Binance Alpha 150 days old: the optimal solution to the foam

Reprinted from panewslab
05/17/2025·26DAuthor: Kaori
Binance Alpha has formed a value consensus among multiple circles such as project parties, wool circles, retail investors, etc. The project "provides" to Alpha and wool Party to batch KYC to start a new round of wool circles, while retail investors are making profits between points restrictions, lucky tail numbers and trading wear.
From the beginning of launching Alpha, which is the best exit window for meme coins, to the earliest rounds of "violent money delivery" in Alpha2.0, to the launch of points-based screening users and token issuers queuing up to launch Alpha, Binance has gradually regained the traffic and pricing power of the on-chain market. Behind all this is the expression of Binance's ambition to reorganize the ecosystem through liquidity discourse power on the asset side after being left behind by OKX on the product side.
150 days later, Binance Alpha has evolved from a wallet function to the structural mechanism with the most discourse power of the entire crypto market.
What did Alpha do in 5 months?
In 2024, the crypto market ushered in a bull boom under the dual stimulation of Bitcoin spot ETF approval and the meme frenzy. However, under the appearance of liquidity recovery, a deeper problem is that the pricing mechanism between the primary and secondary markets is gradually failing.

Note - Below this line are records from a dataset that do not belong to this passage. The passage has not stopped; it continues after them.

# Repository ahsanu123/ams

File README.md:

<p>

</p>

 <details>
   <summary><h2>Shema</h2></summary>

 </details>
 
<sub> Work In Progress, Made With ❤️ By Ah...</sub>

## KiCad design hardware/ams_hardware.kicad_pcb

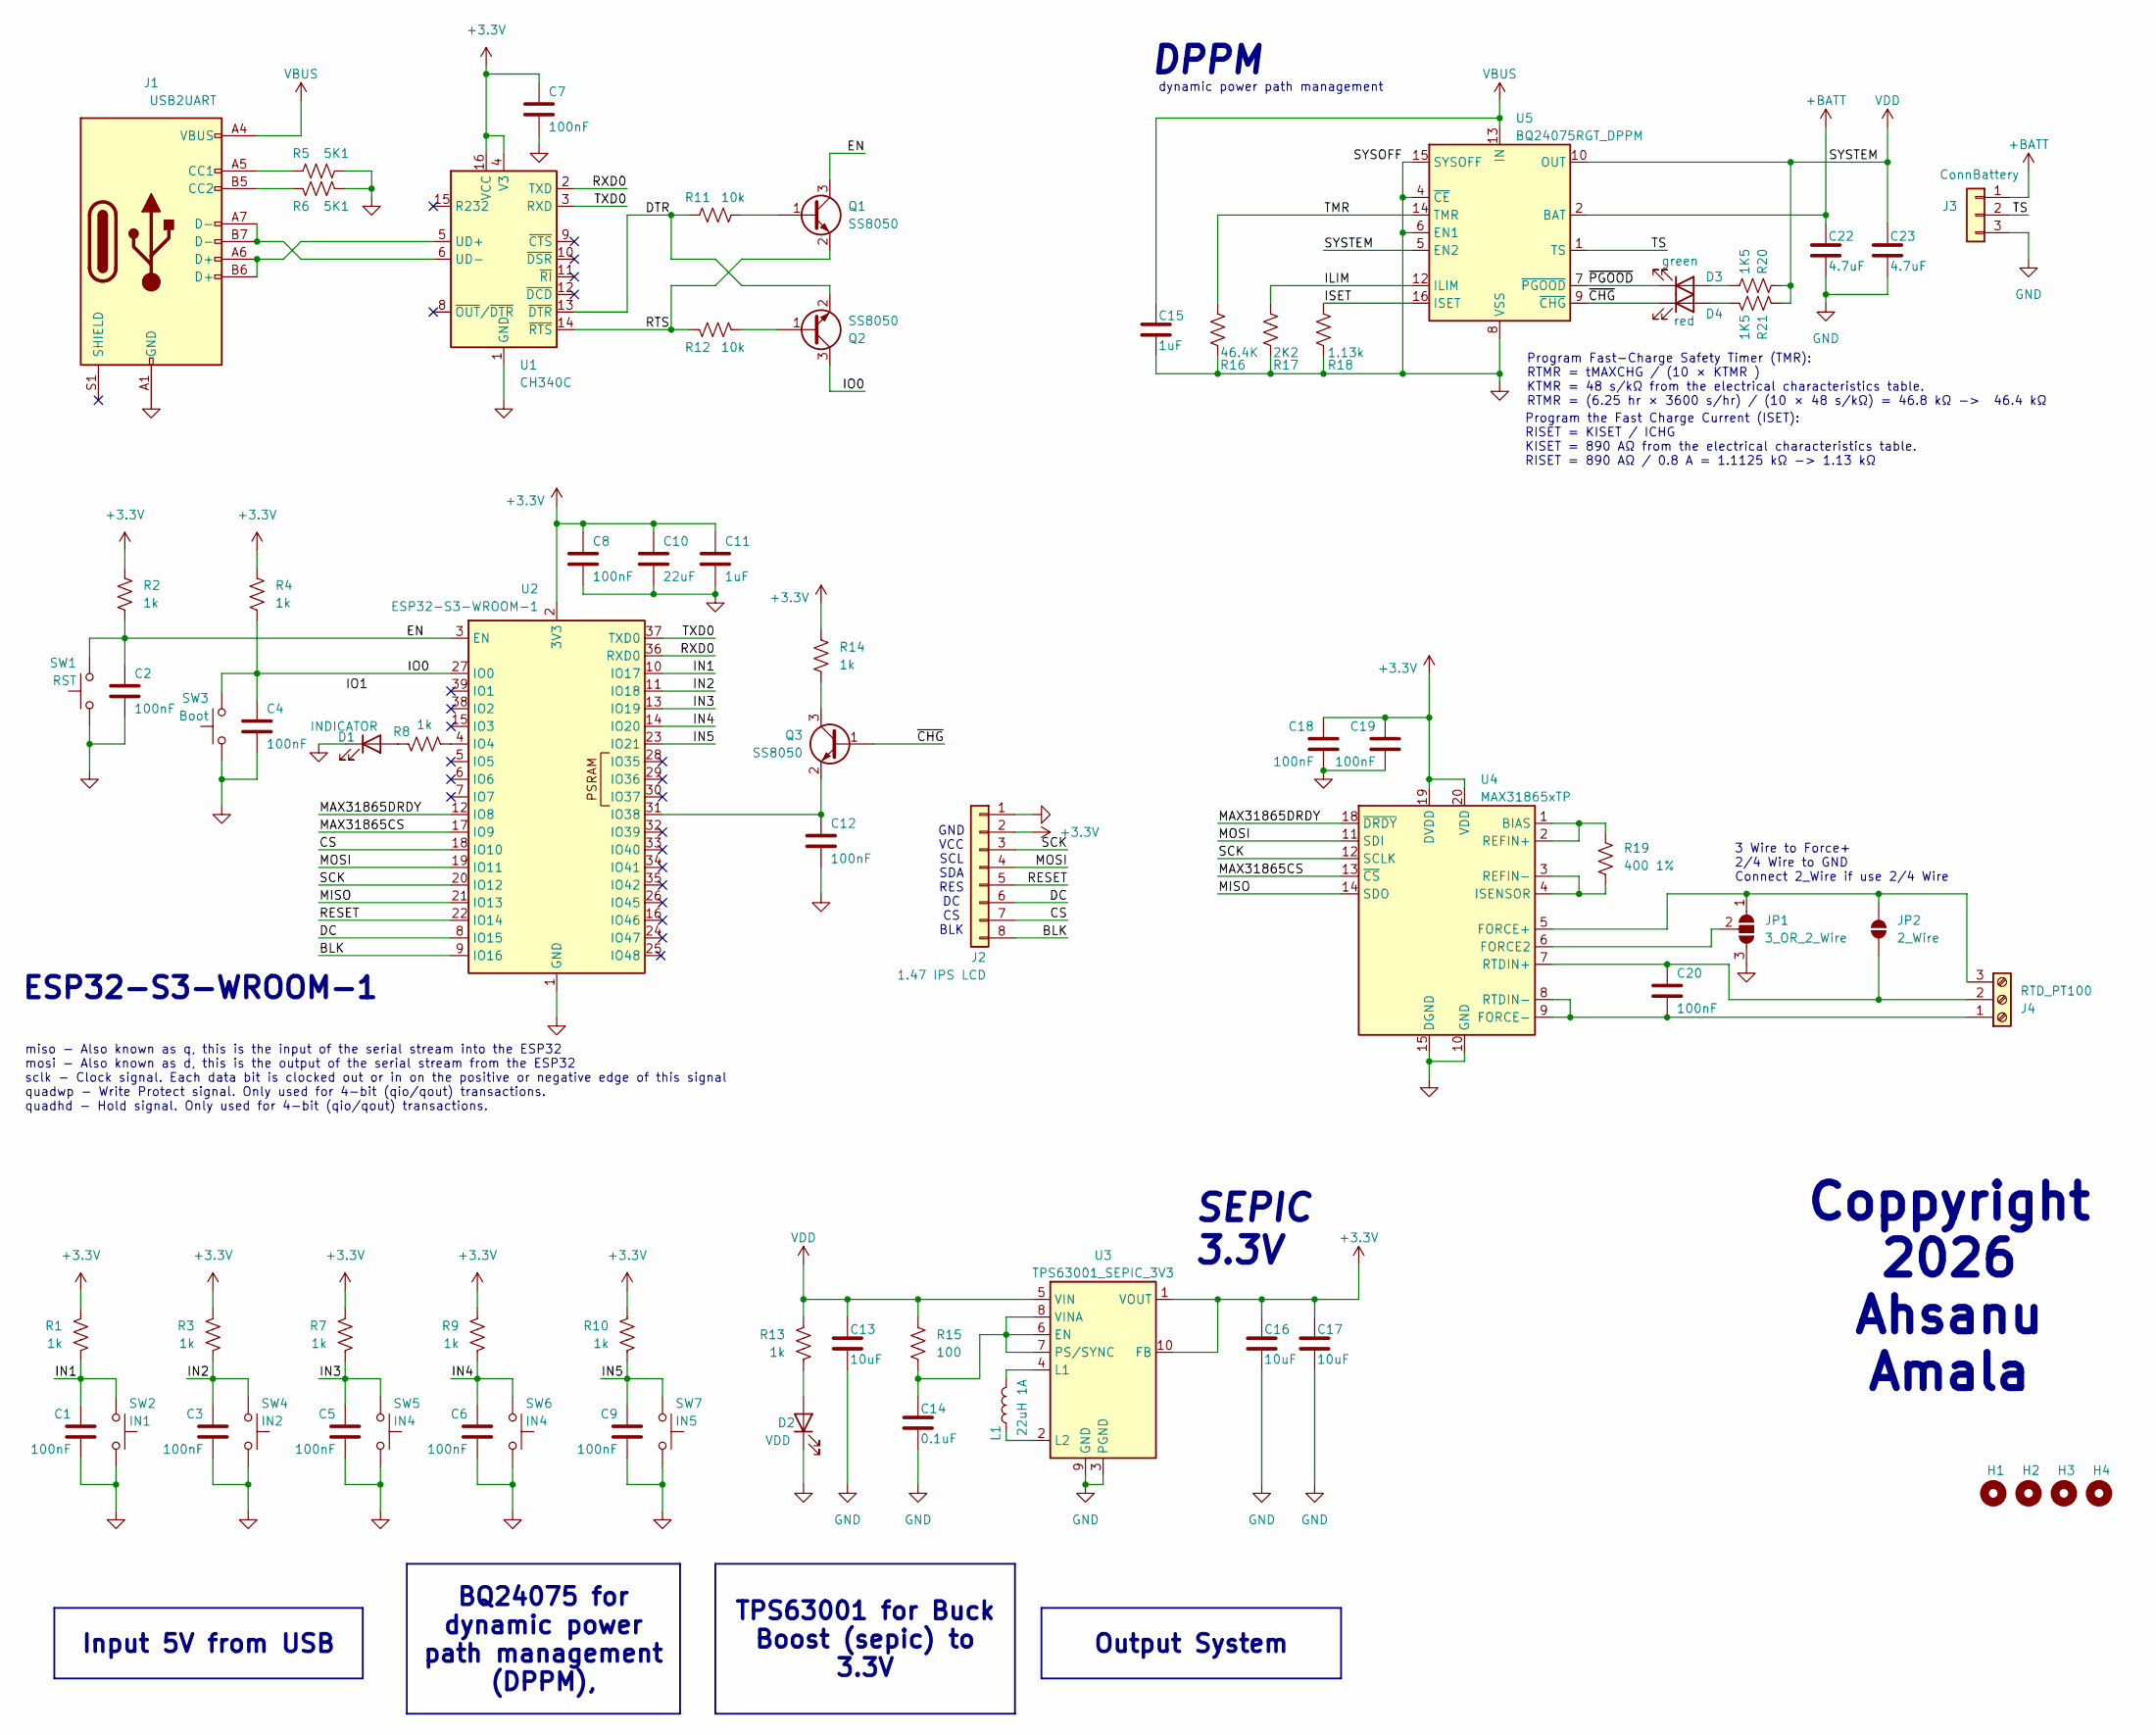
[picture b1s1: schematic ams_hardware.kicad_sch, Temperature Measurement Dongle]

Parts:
C1, C2, C3, C4, C5, C6, C7, C8, C9, C12, C18, C19, C20: 100nF; C_0805_2012Metric_Pad1.18x1.45mm_HandSolder
C10: 22uF; C_0805_2012Metric_Pad1.18x1.45mm_HandSolder
C11, C15: 1uF; C_0805_2012Metric_Pad1.18x1.45mm_HandSolder
C13, C16, C17: 10uF; C_0805_2012Metric_Pad1.18x1.45mm_HandSolder
C14: 0.1uF; C_0805_2012Metric_Pad1.18x1.45mm_HandSolder
C22, C23: 4.7uF; C_0805_2012Metric_Pad1.18x1.45mm_HandSolder
D1: INDICATOR; LED_1206_3216Metric_Pad1.42x1.75mm_HandSolder
D2: VDD; LED_1206_3216Metric_Pad1.42x1.75mm_HandSolder
D3: green; LED_0805_2012Metric_Pad1.15x1.40mm_HandSolder
D4: red; LED_0805_2012Metric_Pad1.15x1.40mm_HandSolder
H1, H2, H3, H4: MountingHole; MountingHole_2mm
J1: USB2UART; USB_C_Receptacle_GCT_USB4110
J2: 1.47 IPS LCD; PinHeader_1x08_P2.54mm_Vertical
J3: ConnBattery; PinHeader_1x03_P2.54mm_Vertical
J4: RTD_PT100; TerminalBlock_Phoenix_PT-1,5-3-5.0-H_1x03_P5.00mm_Horizontal
JP1: 3_OR_2_Wire; SolderJumper-3_P1.3mm_Open_RoundedPad1.0x1.5mm
JP2: 2_Wire; SolderJumper-2_P1.3mm_Open_TrianglePad1.0x1.5mm
L1: 22uH 1A; L_Bourns_SRP7028A_7.3x6.6mm
Q1, Q2, Q3: SS8050; SOT-23_Handsoldering
R1, R2, R3, R4, R7, R8, R9, R10, R13, R14: 1k; R_0805_2012Metric_Pad1.20x1.40mm_HandSolder
R5, R6: 5K1; R_0805_2012Metric_Pad1.20x1.40mm_HandSolder
R11, R12: 10k; R_0805_2012Metric_Pad1.20x1.40mm_HandSolder
R15: 100; R_0805_2012Metric_Pad1.20x1.40mm_HandSolder
R16: 46.4K; R_0805_2012Metric_Pad1.20x1.40mm_HandSolder
R17: 2K2; R_0805_2012Metric_Pad1.20x1.40mm_HandSolder
R18: 1.13k; R_0805_2012Metric_Pad1.20x1.40mm_HandSolder
R19: 400 1%; R_0805_2012Metric_Pad1.20x1.40mm_HandSolder
R20, R21: 1K5; R_0805_2012Metric_Pad1.20x1.40mm_HandSolder
SW1: RST; SW_SPST_PTS810
SW2: IN1; SW_SPST_Omron_B3FS-100xP
SW3: Boot; SW_SPST_PTS810
SW4: IN2; SW_SPST_Omron_B3FS-100xP
SW5, SW6: IN4; SW_SPST_Omron_B3FS-100xP
SW7: IN5; SW_SPST_Omron_B3FS-100xP
U1: CH340C; SOIC-16_3.9x9.9mm_P1.27mm
U2: ESP32-S3-WROOM-1
U3: TPS63001_SEPIC_3V3; Texas_DRC0010J_ThermalVias
U4: MAX31865xTP; TQFN-20-1EP_5x5mm_P0.65mm_EP3.25x3.25mm
U5: BQ24075RGT_DPPM; VQFN-16-1EP_3x3mm_P0.5mm_EP1.6x1.6mm

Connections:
+3.3V: C7.1, C8.1, C10.1, C11.1, C16.1, C17.1, C18.1, C19.1, J2.2, R1.1, R2.1, R3.1, R4.1, R7.1, R9.1, R10.1, R14.1, U1.4 (V3), U1.16 (VCC), U2.2 (3V3), U3.1 (VOUT), U3.10 (FB), U4.19 (DVDD), U4.20 (VDD)
+BATT: C22.1, J3.1, U5.2 (BAT), U5.3 (BAT)
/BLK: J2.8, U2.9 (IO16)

The valuation of VC projects is inflated, the coin issuance cycle of the project party has been repeatedly extended, and the threshold for user participation continues to rise, and the final listing window often becomes the end point for the project party and early investors to collectively cash out, leaving retail investors with only a mess.
It is against this backdrop that Binance launched the Binance Alpha on December 17, 2024. At first, it was just an experimental feature in the Binance Web3 wallet for discovering quality projects, but it quickly evolved into the core tool for Binance to restructure pricing power in the on-chain market.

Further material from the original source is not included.